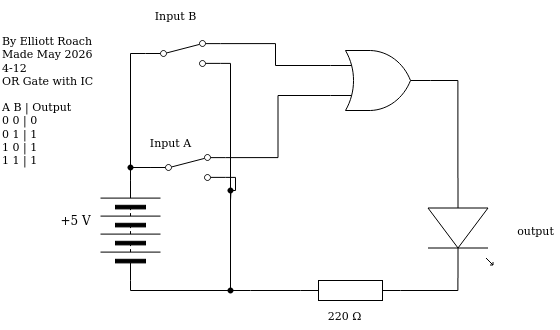

The diagram above was exported from draw.io. Its source (the exported page's mxGraphModel, read from the mxfile embedded in the PNG):
<mxGraphModel dx="948" dy="1669" grid="1" gridSize="10" guides="1" tooltips="1" connect="1" arrows="1" fold="1" page="1" pageScale="1" pageWidth="850" pageHeight="1100" math="0" shadow="0">
  <root>
    <mxCell id="0" />
    <mxCell id="1" parent="0" />
    <mxCell id="3" value="" style="pointerEvents=1;verticalLabelPosition=bottom;shadow=0;dashed=0;align=center;html=1;verticalAlign=top;shape=mxgraph.electrical.resistors.resistor_1;rotation=0;" parent="1" vertex="1">
      <mxGeometry x="430" y="110" width="100" height="20" as="geometry" />
    </mxCell>
    <mxCell id="4" value="" style="verticalLabelPosition=bottom;shadow=0;dashed=0;align=center;html=1;verticalAlign=top;shape=mxgraph.electrical.opto_electronics.led_1;pointerEvents=1;rotation=90;" parent="1" vertex="1">
      <mxGeometry x="540" y="25" width="100" height="65" as="geometry" />
    </mxCell>
    <mxCell id="8" style="edgeStyle=orthogonalEdgeStyle;shape=connector;curved=0;rounded=0;html=1;exitDx=0;exitDy=0;exitPerimeter=0;entryX=0;entryY=0.5;entryDx=0;entryDy=0;strokeColor=#000000;align=center;verticalAlign=middle;fontFamily=Helvetica;fontSize=11;fontColor=default;labelBackgroundColor=default;endArrow=none;endFill=0;" parent="1" source="18" target="11" edge="1">
      <mxGeometry relative="1" as="geometry">
        <mxPoint x="342.9" y="48.809999999999945" as="targetPoint" />
      </mxGeometry>
    </mxCell>
    <mxCell id="9" value="220&amp;nbsp;Ω" style="text;html=1;align=center;verticalAlign=middle;resizable=0;points=[];autosize=1;strokeColor=none;fillColor=none;fontFamily=Helvetica;fontSize=11;fontColor=default;labelBackgroundColor=default;" parent="1" vertex="1">
      <mxGeometry x="449" y="130" width="50" height="30" as="geometry" />
    </mxCell>
    <mxCell id="10" value="By Elliott Roach&lt;div&gt;Made May 2026&amp;nbsp;&lt;/div&gt;&lt;div&gt;4-12&lt;/div&gt;&lt;div&gt;OR Gate with IC&lt;/div&gt;&lt;div&gt;&lt;br&gt;&lt;/div&gt;&lt;div&gt;A B | Output&lt;/div&gt;&lt;div&gt;0 0 | 0&lt;/div&gt;&lt;div&gt;0 1 | 1&lt;/div&gt;&lt;div&gt;1 0 | 1&lt;/div&gt;&lt;div&gt;1 1 | 1&lt;/div&gt;" style="text;html=1;align=left;verticalAlign=middle;resizable=0;points=[];autosize=1;strokeColor=none;fillColor=none;fontFamily=Helvetica;fontSize=11;fontColor=default;labelBackgroundColor=default;" parent="1" vertex="1">
      <mxGeometry x="130" y="-145" width="120" height="150" as="geometry" />
    </mxCell>
    <mxCell id="67" style="edgeStyle=orthogonalEdgeStyle;shape=connector;curved=0;rounded=0;html=1;exitX=1;exitY=0.5;exitDx=0;exitDy=0;entryX=0;entryY=0.5;entryDx=0;entryDy=0;strokeColor=#000000;align=center;verticalAlign=middle;fontFamily=Helvetica;fontSize=11;fontColor=default;labelBackgroundColor=default;endArrow=none;endFill=0;" parent="1" source="11" target="13" edge="1">
      <mxGeometry relative="1" as="geometry" />
    </mxCell>
    <mxCell id="11" value="" style="pointerEvents=1;verticalLabelPosition=bottom;shadow=0;dashed=0;align=center;html=1;verticalAlign=top;shape=mxgraph.electrical.miscellaneous.batteryStack;fontFamily=Helvetica;fontSize=11;fontColor=default;labelBackgroundColor=default;rotation=-90;" parent="1" vertex="1">
      <mxGeometry x="210" y="30" width="100" height="60" as="geometry" />
    </mxCell>
    <mxCell id="12" value="+5 V" style="text;html=1;align=center;verticalAlign=middle;resizable=0;points=[];autosize=1;strokeColor=none;fillColor=none;" parent="1" vertex="1">
      <mxGeometry x="180" y="35" width="50" height="30" as="geometry" />
    </mxCell>
    <mxCell id="16" style="edgeStyle=orthogonalEdgeStyle;shape=connector;curved=0;rounded=0;html=1;exitX=1;exitY=0.88;exitDx=0;exitDy=0;strokeColor=#000000;align=center;verticalAlign=middle;fontFamily=Helvetica;fontSize=11;fontColor=default;labelBackgroundColor=default;endArrow=none;endFill=0;" parent="1" source="13" edge="1">
      <mxGeometry relative="1" as="geometry">
        <mxPoint x="360" y="120" as="targetPoint" />
        <Array as="points">
          <mxPoint x="360" y="-107" />
        </Array>
      </mxGeometry>
    </mxCell>
    <mxCell id="83" style="edgeStyle=orthogonalEdgeStyle;shape=connector;curved=0;rounded=0;html=1;exitX=1;exitY=0.12;exitDx=0;exitDy=0;strokeColor=#000000;align=center;verticalAlign=middle;fontFamily=Helvetica;fontSize=11;fontColor=default;labelBackgroundColor=default;endArrow=none;endFill=0;entryX=0;entryY=0.25;entryDx=0;entryDy=0;entryPerimeter=0;" parent="1" source="13" target="81" edge="1">
      <mxGeometry relative="1" as="geometry" />
    </mxCell>
    <mxCell id="13" value="" style="html=1;shape=mxgraph.electrical.electro-mechanical.twoWaySwitch;aspect=fixed;elSwitchState=2;fontFamily=Helvetica;fontSize=11;fontColor=default;labelBackgroundColor=default;" parent="1" vertex="1">
      <mxGeometry x="275" y="-130" width="75" height="26" as="geometry" />
    </mxCell>
    <mxCell id="18" value="" style="shape=waypoint;sketch=0;size=6;pointerEvents=1;points=[];fillColor=none;resizable=0;rotatable=0;perimeter=centerPerimeter;snapToPoint=1;fontFamily=Helvetica;fontSize=11;fontColor=default;labelBackgroundColor=default;" parent="1" vertex="1">
      <mxGeometry x="350" y="110" width="20" height="20" as="geometry" />
    </mxCell>
    <mxCell id="20" value="Input A" style="text;html=1;align=center;verticalAlign=middle;resizable=0;points=[];autosize=1;strokeColor=none;fillColor=none;fontFamily=Helvetica;fontSize=11;fontColor=default;labelBackgroundColor=default;" parent="1" vertex="1">
      <mxGeometry x="270" y="-43" width="60" height="30" as="geometry" />
    </mxCell>
    <mxCell id="23" style="edgeStyle=orthogonalEdgeStyle;shape=connector;curved=0;rounded=0;html=1;exitX=1;exitY=0.54;exitDx=0;exitDy=0;exitPerimeter=0;entryX=1;entryY=0.5;entryDx=0;entryDy=0;entryPerimeter=0;strokeColor=#000000;align=center;verticalAlign=middle;fontFamily=Helvetica;fontSize=11;fontColor=default;labelBackgroundColor=default;endArrow=none;endFill=0;" parent="1" source="4" target="3" edge="1">
      <mxGeometry relative="1" as="geometry" />
    </mxCell>
    <mxCell id="24" style="edgeStyle=orthogonalEdgeStyle;shape=connector;curved=0;rounded=0;html=1;exitX=0;exitY=0.5;exitDx=0;exitDy=0;exitPerimeter=0;entryX=0.549;entryY=0.654;entryDx=0;entryDy=0;entryPerimeter=0;strokeColor=#000000;align=center;verticalAlign=middle;fontFamily=Helvetica;fontSize=11;fontColor=default;labelBackgroundColor=default;endArrow=none;endFill=0;" parent="1" source="3" target="18" edge="1">
      <mxGeometry relative="1" as="geometry">
        <Array as="points">
          <mxPoint x="380" y="120" />
          <mxPoint x="380" y="120" />
        </Array>
      </mxGeometry>
    </mxCell>
    <mxCell id="34" value="output" style="text;html=1;align=center;verticalAlign=middle;resizable=0;points=[];autosize=1;strokeColor=none;fillColor=none;fontFamily=Helvetica;fontSize=11;fontColor=default;labelBackgroundColor=default;" parent="1" vertex="1">
      <mxGeometry x="640" y="45" width="50" height="30" as="geometry" />
    </mxCell>
    <mxCell id="68" style="edgeStyle=orthogonalEdgeStyle;shape=connector;curved=0;rounded=0;html=1;exitDx=0;exitDy=0;entryX=1;entryY=0.5;entryDx=0;entryDy=0;strokeColor=#000000;align=center;verticalAlign=middle;fontFamily=Helvetica;fontSize=11;fontColor=default;labelBackgroundColor=default;endArrow=none;endFill=0;" parent="1" source="69" target="11" edge="1">
      <mxGeometry relative="1" as="geometry" />
    </mxCell>
    <mxCell id="65" value="" style="html=1;shape=mxgraph.electrical.electro-mechanical.twoWaySwitch;aspect=fixed;elSwitchState=2;fontFamily=Helvetica;fontSize=11;fontColor=default;labelBackgroundColor=default;" parent="1" vertex="1">
      <mxGeometry x="280" y="-16" width="75" height="26" as="geometry" />
    </mxCell>
    <mxCell id="70" value="" style="edgeStyle=orthogonalEdgeStyle;shape=connector;curved=0;rounded=0;html=1;exitX=0;exitY=0.5;exitDx=0;exitDy=0;entryDx=0;entryDy=0;strokeColor=#000000;align=center;verticalAlign=middle;fontFamily=Helvetica;fontSize=11;fontColor=default;labelBackgroundColor=default;endArrow=none;endFill=0;" parent="1" source="65" target="69" edge="1">
      <mxGeometry relative="1" as="geometry">
        <mxPoint x="280" y="-3" as="sourcePoint" />
        <mxPoint x="260" y="10" as="targetPoint" />
      </mxGeometry>
    </mxCell>
    <mxCell id="69" value="" style="shape=waypoint;sketch=0;size=6;pointerEvents=1;points=[];fillColor=none;resizable=0;rotatable=0;perimeter=centerPerimeter;snapToPoint=1;fontFamily=Helvetica;fontSize=11;fontColor=default;labelBackgroundColor=default;" parent="1" vertex="1">
      <mxGeometry x="250" y="-13" width="20" height="20" as="geometry" />
    </mxCell>
    <mxCell id="73" value="" style="shape=waypoint;sketch=0;size=6;pointerEvents=1;points=[];fillColor=none;resizable=0;rotatable=0;perimeter=centerPerimeter;snapToPoint=1;fontFamily=Helvetica;fontSize=11;fontColor=default;labelBackgroundColor=default;" parent="1" vertex="1">
      <mxGeometry x="350" y="10" width="20" height="20" as="geometry" />
    </mxCell>
    <mxCell id="75" style="edgeStyle=orthogonalEdgeStyle;shape=connector;curved=0;rounded=0;html=1;exitX=1;exitY=0.88;exitDx=0;exitDy=0;strokeColor=#000000;align=center;verticalAlign=middle;fontFamily=Helvetica;fontSize=11;fontColor=default;labelBackgroundColor=default;endArrow=none;endFill=0;" parent="1" source="65" edge="1">
      <mxGeometry relative="1" as="geometry">
        <mxPoint x="360" y="30" as="targetPoint" />
      </mxGeometry>
    </mxCell>
    <mxCell id="80" value="Input B" style="text;html=1;align=center;verticalAlign=middle;resizable=0;points=[];autosize=1;strokeColor=none;fillColor=none;fontFamily=Helvetica;fontSize=11;fontColor=default;labelBackgroundColor=default;" parent="1" vertex="1">
      <mxGeometry x="270" y="-170" width="70" height="30" as="geometry" />
    </mxCell>
    <mxCell id="81" value="" style="verticalLabelPosition=bottom;shadow=0;dashed=0;align=center;html=1;verticalAlign=top;shape=mxgraph.electrical.logic_gates.logic_gate;operation=or;" parent="1" vertex="1">
      <mxGeometry x="460" y="-120" width="100" height="60" as="geometry" />
    </mxCell>
    <mxCell id="84" style="edgeStyle=orthogonalEdgeStyle;shape=connector;curved=0;rounded=0;html=1;exitX=1;exitY=0.12;exitDx=0;exitDy=0;entryX=0;entryY=0.75;entryDx=0;entryDy=0;entryPerimeter=0;strokeColor=#000000;align=center;verticalAlign=middle;fontFamily=Helvetica;fontSize=11;fontColor=default;labelBackgroundColor=default;endArrow=none;endFill=0;" parent="1" source="65" target="81" edge="1">
      <mxGeometry relative="1" as="geometry" />
    </mxCell>
    <mxCell id="85" style="edgeStyle=orthogonalEdgeStyle;shape=connector;curved=0;rounded=0;html=1;exitX=1;exitY=0.5;exitDx=0;exitDy=0;exitPerimeter=0;entryX=0;entryY=0.54;entryDx=0;entryDy=0;entryPerimeter=0;strokeColor=#000000;align=center;verticalAlign=middle;fontFamily=Helvetica;fontSize=11;fontColor=default;labelBackgroundColor=default;endArrow=none;endFill=0;" parent="1" source="81" target="4" edge="1">
      <mxGeometry relative="1" as="geometry" />
    </mxCell>
  </root>
</mxGraphModel>

Task objective
What lines above hold the word "page"? List them all.

Result of this task
The diagram above was exported from draw.io. Its source (the exported page's mxGraphModel, read from the mxfile embedded in the PNG):
<mxGraphModel dx="948" dy="1669" grid="1" gridSize="10" guides="1" tooltips="1" connect="1" arrows="1" fold="1" page="1" pageScale="1" pageWidth="850" pageHeight="1100" math="0" shadow="0">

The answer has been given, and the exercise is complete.